EXERCISE BRIEF ▸
The line holding "line L1 (0, 0) -> (0, -325)" is the last one to output; start at the first line of the data, keep every line in between exactly, and leave out pictures.

EXERCISE INPUTS ▸

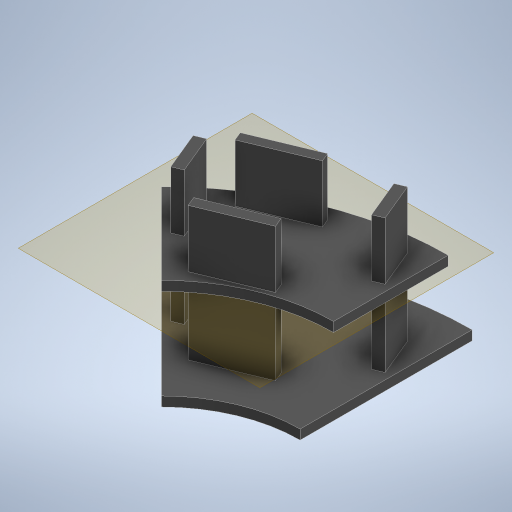
# Autodesk Inventor part: Carousel Container Plate
Saved by Autodesk Inventor 2023 (Build 270158000, 158)
## iProperties
Created: 2022-11-11
Part Number: Carousel Container Plate
Material: PLA Plastic
Document SubType Name: Modeling
Designer: cheng
Density: 0.373679 g/cm^3
Appearance: Generic
Mass: 259.485 g
Surface Area: 1676.4 cm^2
Volume: 694.407 cm^3
Author: cheng
Autodesk Inventor part; units mm, degrees
ref_plane "YZ Plane" through (0, 0, 0) normal (1, 0, 0) x (0, 1, 0)
ref_plane "XZ Plane" through (0, 0, 0) normal (0, 1, 0) x (-1, 0, 0)
ref_plane "XY Plane" through (0, 0, 0) normal (0, 0, 1) x (1, 0, 0)
sketch "Sketch1" plane through (0, 0, 0) normal (0, 1, 0) x (-1, 0, 0)
  circle A0 centre (0, 0) radius 145
  circle A1 centre (0, 0) radius 325
  line L0 (0, 0) -> (325, 0)
  line L1 (0, 0) -> (0, -325)
  line L2 (0, 0) -> (229.8097, -229.8097)
  line L3 (229.8097, -229.8097) -> (0, -145) construction
  line L4 (9.0406, -217.8104) -> (147.6225, -160.4079)
  line L5 (147.6225, -160.4079) -> (178.2372, -234.3183)
  line L6 (178.2372, -234.3183) -> (39.6553, -291.7208)
  line L7 (39.6553, -291.7208) -> (9.0406, -217.8104)
  line L8 (102.5305, -102.5305) -> (-3.7965, -324.9778) construction
  circle A2 centre (0, 0) radius 306.4883 construction
  line L9 (178.2372, -234.3183) -> (9.0406, -217.8104) construction
  line L10 (147.6225, -160.4079) -> (39.6553, -291.7208) construction
  line L11 (93.6389, -226.0643) -> (108.9463, -263.0195) construction
  line L12 (0, 0) -> (124.3721, -300.2608) construction
  line L13 (217.8104, -9.0406) -> (291.7208, -39.6553)
  line L14 (160.4079, -147.6225) -> (217.8104, -9.0406)
  line L15 (234.3183, -178.2372) -> (160.4079, -147.6225)
  line L16 (291.7208, -39.6553) -> (234.3183, -178.2372)
  line L17 (160.4079, 147.6225) -> (234.3183, 178.2372)
  line L18 (217.8104, 9.0406) -> (160.4079, 147.6225)
  line L19 (291.7208, 39.6553) -> (217.8104, 9.0406)
  line L20 (234.3183, 178.2372) -> (291.7208, 39.6553)
  line L21 (9.0406, 217.8104) -> (39.6553, 291.7208)
  line L22 (147.6225, 160.4079) -> (9.0406, 217.8104)
  line L23 (178.2372, 234.3183) -> (147.6225, 160.4079)
  line L24 (39.6553, 291.7208) -> (178.2372, 234.3183)
  line L25 (-147.6225, 160.4079) -> (-178.2372, 234.3183)
  line L26 (-9.0406, 217.8104) -> (-147.6225, 160.4079)
  line L27 (-39.6553, 291.7208) -> (-9.0406, 217.8104)
  line L28 (-178.2372, 234.3183) -> (-39.6553, 291.7208)
  line L29 (-217.8104, 9.0406) -> (-291.7208, 39.6553)
  line L30 (-160.4079, 147.6225) -> (-217.8104, 9.0406)
  line L31 (-234.3183, 178.2372) -> (-160.4079, 147.6225)
  line L32 (-291.7208, 39.6553) -> (-234.3183, 178.2372)
  line L33 (-160.4079, -147.6225) -> (-234.3183, -178.2372)
  line L34 (-217.8104, -9.0406) -> (-160.4079, -147.6225)
  line L35 (-291.7208, -39.6553) -> (-217.8104, -9.0406)
  line L36 (-234.3183, -178.2372) -> (-291.7208, -39.6553)
  line L37 (-9.0406, -217.8104) -> (-39.6553, -291.7208)
  line L38 (-147.6225, -160.4079) -> (-9.0406, -217.8104)
  line L39 (-178.2372, -234.3183) -> (-147.6225, -160.4079)
  line L40 (-39.6553, -291.7208) -> (-178.2372, -234.3183)
  circle A3 centre (0, 0) radius 235 construction
  point P0 (263.0195, -108.9463)
  point P1 (263.0195, 108.9463)
  point P2 (108.9463, 263.0195)
  point P3 (-108.9463, 263.0195)
  point P4 (-263.0195, 108.9463)
  point P5 (-263.0195, -108.9463)
  point P6 (-108.9463, -263.0195)
  dimension "d1" = 180
  dimension "d3" = 45
  dimension "d4" = 650
  dimension "d11" = 150
  dimension "d12" = 80
  dimension "d13" = 22.5
  dimension "d16" = 360
  dimension "d18" = 90
  constraints: 82 end point, 7 point on circle, 4 centre point, 4 coincident, 2 midpoint, 2 parallel, 2 perpendicular, 2 point on line, 1 collinear, 1 horizontal, 73 other
  measures "d1" radial gap between concentric circles of A0 A1
  measures "d3" angle of L1 L2
  measures "d4" diameter of A1
  measures "d11" distance of L5.end L6.end
  measures "d12" distance of L6.end L4.start
  measures "d13" angle of L2 L12
  measures "d18" radial gap between concentric circles of A1 A3
extrude "Extrusion1" add sketch "Sketch1" along normal blind 10 contours A0 L2 A1 L1 | L4 L5 L6 L7
sketch "Sketch2" plane through (0, 10, 0) normal (0, 1, 0) x (1, 0, 0)
  circle A0 centre (0, 0) radius 325
  circle A1 centre (0, 0) radius 145
  line L0 (0, 0) -> (-325, 0)
  line L1 (0, 145) -> (0, 325) projected
  line L2 (0, 0) -> (0, 325)
  arc A2 (0, 325) -> (-229.8097, 229.8097) centre (0, 0) ccw projected
  line L3 (0, 0) -> (-229.8097, 229.8097)
  circle A3 centre (0, 0) radius 235 construction
  line L4 (0, 0) -> (-124.3721, 300.2608) construction
  line L5 (-5.3323, 208.8578) -> (-143.9142, 151.4553)
  line L6 (-143.9142, 151.4553) -> (-174.5289, 225.3656)
  line L7 (-174.5289, 225.3656) -> (-35.947, 282.7681)
  line L8 (-35.947, 282.7681) -> (-5.3323, 208.8578)
  line L9 (-5.3323, 208.8578) -> (-174.5289, 225.3656) construction
  line L10 (-143.9142, 151.4553) -> (-35.947, 282.7681) construction
  circle A4 centre (0, 0) radius 195
  line L11 (-208.8578, 5.3323) -> (-282.7681, 35.947)
  line L12 (-151.4553, 143.9142) -> (-208.8578, 5.3323)
  line L13 (-225.3656, 174.5289) -> (-151.4553, 143.9142)
  line L14 (-282.7681, 35.947) -> (-225.3656, 174.5289)
  line L15 (-208.8578, 5.3323) -> (-225.3656, 174.5289) construction
  line L16 (-151.4553, 143.9142) -> (-282.7681, 35.947) construction
  line L17 (-151.4553, -143.9142) -> (-225.3656, -174.5289)
  line L18 (-208.8578, -5.3323) -> (-151.4553, -143.9142)
  line L19 (-282.7681, -35.947) -> (-208.8578, -5.3323)
  line L20 (-225.3656, -174.5289) -> (-282.7681, -35.947)
  line L21 (-151.4553, -143.9142) -> (-282.7681, -35.947) construction
  line L22 (-208.8578, -5.3323) -> (-225.3656, -174.5289) construction
  line L23 (-5.3323, -208.8578) -> (-35.947, -282.7681)
  line L24 (-143.9142, -151.4553) -> (-5.3323, -208.8578)
  line L25 (-174.5289, -225.3656) -> (-143.9142, -151.4553)
  line L26 (-35.947, -282.7681) -> (-174.5289, -225.3656)
  line L27 (-5.3323, -208.8578) -> (-174.5289, -225.3656) construction
  line L28 (-143.9142, -151.4553) -> (-35.947, -282.7681) construction
  line L29 (143.9142, -151.4553) -> (174.5289, -225.3656)
  line L30 (5.3323, -208.8578) -> (143.9142, -151.4553)
  line L31 (35.947, -282.7681) -> (5.3323, -208.8578)
  line L32 (174.5289, -225.3656) -> (35.947, -282.7681)
  line L33 (143.9142, -151.4553) -> (35.947, -282.7681) construction
  line L34 (5.3323, -208.8578) -> (174.5289, -225.3656) construction
  line L35 (208.8578, -5.3323) -> (282.7681, -35.947)
  line L36 (151.4553, -143.9142) -> (208.8578, -5.3323)
  line L37 (225.3656, -174.5289) -> (151.4553, -143.9142)
  line L38 (282.7681, -35.947) -> (225.3656, -174.5289)
  line L39 (208.8578, -5.3323) -> (225.3656, -174.5289) construction
  line L40 (151.4553, -143.9142) -> (282.7681, -35.947) construction
  line L41 (151.4553, 143.9142) -> (225.3656, 174.5289)
  line L42 (208.8578, 5.3323) -> (151.4553, 143.9142)
  line L43 (282.7681, 35.947) -> (208.8578, 5.3323)
  line L44 (225.3656, 174.5289) -> (282.7681, 35.947)
  line L45 (151.4553, 143.9142) -> (282.7681, 35.947) construction
  line L46 (208.8578, 5.3323) -> (225.3656, 174.5289) construction
  line L47 (5.3323, 208.8578) -> (35.947, 282.7681)
  line L48 (143.9142, 151.4553) -> (5.3323, 208.8578)
  line L49 (174.5289, 225.3656) -> (143.9142, 151.4553)
  line L50 (35.947, 282.7681) -> (174.5289, 225.3656)
  line L51 (5.3323, 208.8578) -> (174.5289, 225.3656) construction
  line L52 (143.9142, 151.4553) -> (35.947, 282.7681) construction
  line L53 (-155.3947, 179.1716) -> (-165.3947, 175.0295)
  line L54 (-165.3947, 175.0295) -> (-181.9633, 215.0295)
  line L55 (-181.9633, 215.0295) -> (-171.9633, 219.1716)
  line L56 (-171.9633, 219.1716) -> (-155.3947, 179.1716)
  line L57 (-155.3947, 179.1716) -> (-181.9633, 215.0295) construction
  line L58 (-165.3947, 175.0295) -> (-171.9633, 219.1716) construction
  line L59 (-16.8128, 236.5742) -> (-6.8128, 240.7163)
  line L60 (-6.8128, 240.7163) -> (-23.3813, 280.7163)
  line L61 (-23.3813, 280.7163) -> (-33.3813, 276.5742)
  line L62 (-16.8128, 236.5742) -> (-23.3813, 280.7163) construction
  line L63 (-6.8128, 240.7163) -> (-33.3813, 276.5742) construction
  line L64 (-60.7651, 185.8968) -> (-125.4366, 159.1089)
  line L65 (-125.4366, 159.1089) -> (-121.2945, 149.1089)
  line L66 (-121.2945, 149.1089) -> (-56.6229, 175.8968)
  line L67 (-56.6229, 175.8968) -> (-60.7651, 185.8968)
  line L68 (-60.7651, 185.8968) -> (-121.2945, 149.1089) construction
  line L69 (-125.4366, 159.1089) -> (-56.6229, 175.8968) construction
  line L70 (-91.3798, 259.8071) -> (-156.0513, 233.0193)
  line L71 (-156.0513, 233.0193) -> (-159.8782, 242.2581)
  line L72 (-159.8782, 242.2581) -> (-95.2066, 269.0459)
  line L73 (-95.2066, 269.0459) -> (-91.3798, 259.8071)
  point P0 (-89.9306, 217.1117)
  point P1 (-217.1117, 89.9306)
  point P2 (-217.1117, -89.9306)
  point P3 (-89.9306, -217.1117)
  point P4 (89.9306, -217.1117)
  point P5 (217.1117, -89.9306)
  point P6 (217.1117, 89.9306)
  point P7 (89.9306, 217.1117)
  point P8 (-68.8241, 166.1562)
  point P9 (-33.3813, 276.5742)
  point P10 (-16.8128, 236.5742)
  point P11 (-155.3947, 179.1716)
  point P12 (-60.7651, 185.8968)
  point P13 (-125.4366, 159.1089)
  point P14 (-156.0513, 233.0193)
  point P15 (-91.3798, 259.8071)
  dimension "d22" = 180
  dimension "d23" = 650
  dimension "d24" = 90
  dimension "d25" = 80
  dimension "d26" = 150
  dimension "d27" = 50
  dimension "d30" = 360
  dimension "d32" = 40
  dimension "d33" = 10
  dimension "d34" = 10
  dimension "d39" = 30
  dimension "d40" = 20
  dimension "d46" = 10
  dimension "d47" = 70
  dimension "d48" = 20
  dimension "d49" = 70
  constraints: 146 end point, 8 parallel, 4 coincident, 4 collinear, 4 perpendicular, 4 symmetric about line, 3 centre point, 2 midpoint, 2 point on circle, 1 horizontal, 1 point on line, 1 tangent, 1 vertical alignment, 90 other
  measures "d23" diameter of A0
  measures "d24" radial gap between concentric circles of A0 A3
  measures "d25" distance of L7.end L5.start
  measures "d26" distance of L5.start L5.end
  measures "d32" vertical distance of L53.end L54.end
  measures "d33" horizontal distance of L54.end L55.end
  measures "d34" vertical distance of L64.end L65.end
  measures "d39" distance between parallel lines of L5 L53
  measures "d40" distance between parallel lines of L6 L65
  measures "d46" distance between parallel lines of L72 L70
  measures "d47" distance between parallel lines of L73 L71
  measures "d48" distance between parallel lines of L6 L71
  measures "d49" distance between parallel lines of L67 L65
extrude "Extrusion2" add sketch "Sketch2" along normal blind 140 contours L67 L66 L65 A4 | A4 L5 L67 | L65 L5 A4 | L8 L61 L60 L59 | L53 L54 L55 L6 | L7 L71 L72 L73
ref_plane "Work Plane1" through (0, 80, 0) normal (0, 1, 0) x (1, 0, 0)
sketch "Sketch4" plane through (0, 80, 0) normal (0, 1, 0) x (1, 0, 0)
  line L0 (-23.3813, 280.7163) -> (-6.8128, 240.7163) projected
  line L1 (-6.8128, 240.7163) -> (-16.8128, 236.5742) projected
  line L2 (-16.8128, 236.5742) -> (-33.3813, 276.5742) projected
  line L3 (-33.3813, 276.5742) -> (-23.3813, 280.7163) projected
  line L4 (-165.3947, 175.0295) -> (-181.9633, 215.0295) projected
  line L5 (-181.9633, 215.0295) -> (-171.9633, 219.1716) projected
  line L6 (-171.9633, 219.1716) -> (-155.3947, 179.1716) projected
  line L7 (-155.3947, 179.1716) -> (-165.3947, 175.0295) projected
  line L8 (-56.6229, 175.8968) -> (-121.2945, 149.1089) projected
  line L9 (-121.2945, 149.1089) -> (-125.4366, 159.1089) projected
  line L10 (-125.4366, 159.1089) -> (-60.7651, 185.8968) projected
  line L11 (-60.7651, 185.8968) -> (-56.6229, 175.8968) projected
  arc A0 (0, 145) -> (-102.5305, 102.5305) centre (0, 0) ccw projected
  line L12 (0, 145) -> (0, 325) projected
  arc A1 (0, 325) -> (-229.8097, 229.8097) centre (0, 0) ccw projected
  line L13 (-229.8097, 229.8097) -> (-102.5305, 102.5305) projected
  arc A2 (0, 180) -> (-127.2792, 127.2792) centre (0, 0) ccw
  arc A3 (0, 300) -> (-212.132, 212.132) centre (0, 0) ccw
  dimension "d44" = 35
  dimension "d50" = 25
  constraints: 4 point on circle, 4 point on line, 2 centre point, 2 coincident
  measures "d44" radial gap between concentric circles of A0 A2
  measures "d50" radial gap between concentric circles of A1 A3
extrude "Extrusion3" add sketch "Sketch4" along normal blind 10 contours A2 L13 A3 L12
body "Solid1"

WRITTEN ANSWER ▸
# Autodesk Inventor part: Carousel Container Plate
Saved by Autodesk Inventor 2023 (Build 270158000, 158)
## iProperties
Created: 2022-11-11
Part Number: Carousel Container Plate
Material: PLA Plastic
Document SubType Name: Modeling
Designer: cheng
Density: 0.373679 g/cm^3
Appearance: Generic
Mass: 259.485 g
Surface Area: 1676.4 cm^2
Volume: 694.407 cm^3
Author: cheng
Autodesk Inventor part; units mm, degrees
ref_plane "YZ Plane" through (0, 0, 0) normal (1, 0, 0) x (0, 1, 0)
ref_plane "XZ Plane" through (0, 0, 0) normal (0, 1, 0) x (-1, 0, 0)
ref_plane "XY Plane" through (0, 0, 0) normal (0, 0, 1) x (1, 0, 0)
sketch "Sketch1" plane through (0, 0, 0) normal (0, 1, 0) x (-1, 0, 0)
  circle A0 centre (0, 0) radius 145
  circle A1 centre (0, 0) radius 325
  line L0 (0, 0) -> (325, 0)
  line L1 (0, 0) -> (0, -325)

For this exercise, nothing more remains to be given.